Musk tweeted this week that he was remaining at Twitter’s San Francisco headquarters around the clock until he fixed that company’s problems, and said on Wednesday he had come on an overnight flight from the social media company.

Tornetta has asked the court to rescind the 2018 package, which his attorney Greg Varallo said was $20 billion larger than the annual gross domestic product of the state of Delaware.

The legal team for Musk and the Tesla directors have cast the pay package as a set of audacious goals that worked by driving 10-fold growth in Tesla’s stock value, to more than $600 billion from around $50 billion.

They have argued the plan was developed by independent board members, advised by outside professionals and with input from large shareholders.
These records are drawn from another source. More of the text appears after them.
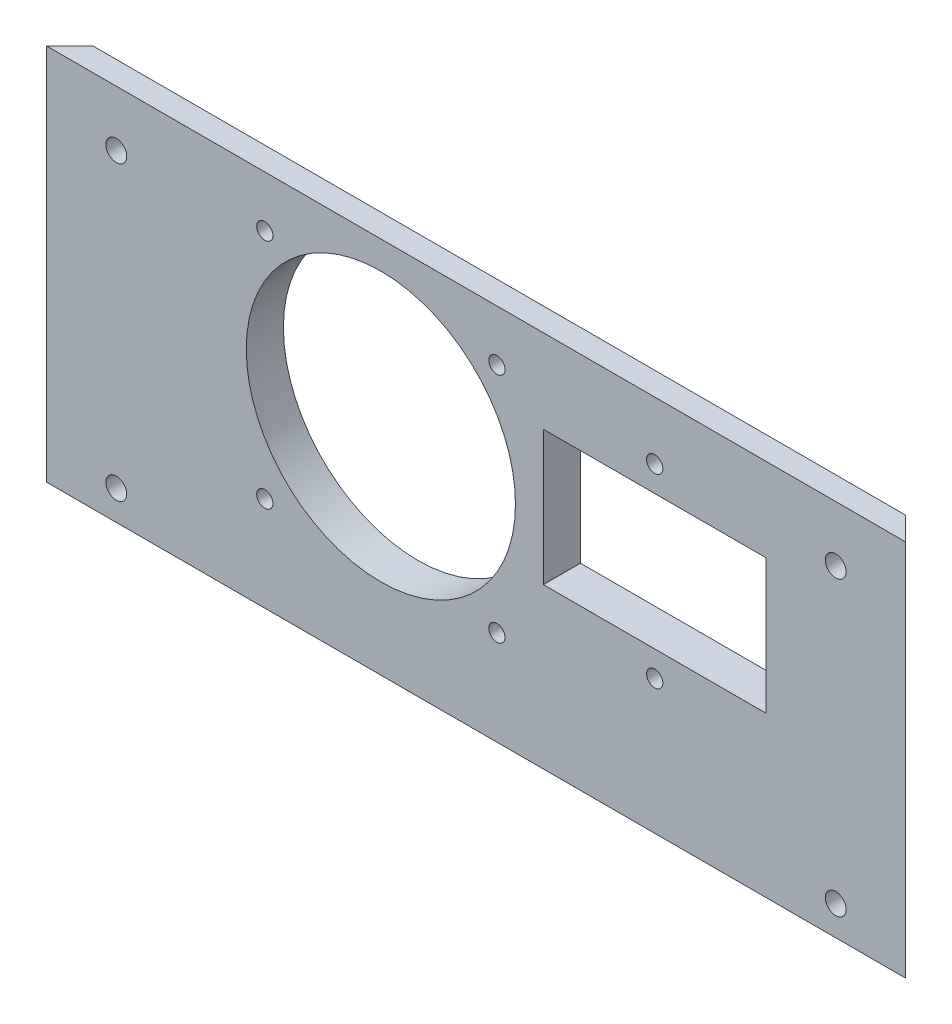
SolidWorks part; units mm, degrees
ref_plane "Front Plane" through (0, 0, 0) normal (0, 0, 1) x (1, 0, 0)
ref_plane "Top Plane" through (0, 0, 0) normal (0, 1, 0) x (1, 0, 0)
ref_plane "Right Plane" through (0, 0, 0) normal (1, 0, 0) x (0, 0, -1)
sketch "Sketch1" plane through (0, 0, 0) normal (0, 0, 1) x (1, 0, 0)
  line L0 (92.5, 84) -> (92.5, -37.3998) construction
  line L1 (0, 0) -> (185, 0)
  line L2 (0, 0) -> (0, 84)
  line L3 (0, 84) -> (185, 84)
  line L4 (185, 0) -> (185, 84)
  line L5 (0, 42) -> (185, 42) construction
  circle A0 centre (15, 9) radius 2.25
  circle A1 centre (170, 9) radius 2.25
  circle A4 centre (15, 72) radius 2.25
  circle A5 centre (170, 72) radius 2.25
  dimension "D3" = 15
  dimension "D5" = 4.5
  dimension "D1" = 84
  dimension "D2" = 185
  dimension "D4" = 9
  dimension "D6" = 2
  dimension "D7" = 12
extrude "Boss-Extrude1" add sketch "Sketch1" against normal blind 5
sketch "Sketch2" plane through (0, 0, -5) normal (0, 0, -1) x (-1, 0, 0)
  line L0 (0, 0) -> (-185, 0) construction
  line L1 (0, 0) -> (-185, 0) construction
  line L2 (0, 5) -> (-185, 5)
  line L3 (-185, 5) -> (-185, 84)
  line L4 (-185, 84) -> (0, 84)
  line L5 (0, 84) -> (0, 5)
  circle A1 centre (-15, 9) radius 2.25 construction
  circle A2 centre (-170, 9) radius 2.25 construction
  circle A5 centre (-15, 9) radius 2.25
  circle A6 centre (-170, 9) radius 2.25
  circle A8 centre (-15, 72) radius 2.25 construction
  circle A9 centre (-170, 72) radius 2.25 construction
  circle A10 centre (-15, 72) radius 2.25
  circle A11 centre (-170, 72) radius 2.25
  dimension "D1" = 5
extrude "Boss-Extrude2" add sketch "Sketch2" along normal blind 3
chamfer "Chamfer1" distance 8 angle 45 3 edges at (185, 44.5, -8) (0, 44.5, -8) (92.5, 84, -8)
chamfer "Chamfer3" distance 3 angle 45 1 edges at (92.5, 84, -8)
sketch "Sketch3" plane through (92.5, 0, -92.5) normal (0.7071, 0, -0.7071) x (-0.7071, 0, -0.7071)
  line L0 (-130.8148, 0) -> (-130.8148, 2.6)
  line L1 (-130.8148, 0) -> (-130.8148, 84) construction
  line L2 (-130.8148, 2.6) -> (-123.7437, 2.6)
  line L4 (-123.7437, 2.6) -> (-123.7437, 0)
  line L5 (-123.7437, 0) -> (-130.8148, 0)
  line L6 (-119.501, 5) -> (-123.7437, 5) construction
  dimension "D1" = 2.4
extrude "Cut-Extrude1" cut sketch "Sketch3" along direction (1, 0, 0) on the side against the normal through all
sketch "Sketch4" plane through (0, 0, 0) normal (0, 0, 1) x (1, 0, 0)
  line L0 (185, 84) -> (0, 84) construction
  line L1 (107, 37) -> (155, 37)
  line L2 (107, 37) -> (107, 66)
  line L3 (107, 66) -> (155, 66)
  line L4 (155, 37) -> (155, 66)
  line L5 (185, 2.6) -> (185, 84) construction
  line L6 (131, 71.5) -> (131, 31.5) construction
  line L7 (107, 51.5) -> (155, 51.5) construction
  line L8 (43, 49) -> (42, 49) construction
  line L9 (42, 49) -> (42, 78) construction
  line L10 (42, 78) -> (72, 78) construction
  line L11 (42, 73) -> (47, 73) construction
  line L12 (47, 73) -> (47, 78) construction
  circle A0 centre (72, 49) radius 29
  circle A1 centre (47, 73) radius 1.75
  circle A2 centre (97, 73) radius 1.75
  circle A3 centre (97, 23) radius 1.75
  circle A4 centre (47, 23) radius 1.75
  circle A5 centre (131, 71.5) radius 1.75
  circle A6 centre (131, 31.5) radius 1.75
  point P28 (131, 51.5)
  point P31 (131, 66)
  dimension "D5" = 58
  dimension "D6" = 35
  dimension "D8" = 5
  dimension "D11" = 3.5
  dimension "D16" = 0
  dimension "D1" = 29
  dimension "D2" = 48
  dimension "D3" = 18
  dimension "D4" = 30
  dimension "D7" = 35
  dimension "D9" = 5
  dimension "D10" = 1
  dimension "D14" = 40
  dimension "D15" = 0
  dimension "D12" = 2
  dimension "D13" = 2
extrude "Cut-Extrude2" cut sketch "Sketch4" against normal through all

Tornetta’s attorney tried to show Musk was involved from the start. An email from May 2017 appeared to show Musk was pushing for the pay plan months before the board negotiated it with him.

“I’m planning something really crazy, but also high risk,” he wrote.

Tornetta’s lawyer tried to show Musk drove the schedule for the plan and baked in targets that were about to be hit, according to non-public projections.

The disputed Tesla package allows Musk to buy 1% of Tesla’s stock at a deep discount each time escalating performance and financial targets are met. Otherwise, Musk gets nothing.

Tesla has hit 11 of the 12 targets, according to court papers.

Shareholders generally cannot challenge executive compensation because courts typically defer to the judgment of directors. The Musk case survived a motion to dismiss because it was determined he might be considered a controlling shareholder, which means stricter rules apply.

Former board member Gracias described Musk as essential to the company’s success, in testimony calling him “extraordinary” and a “product genius.”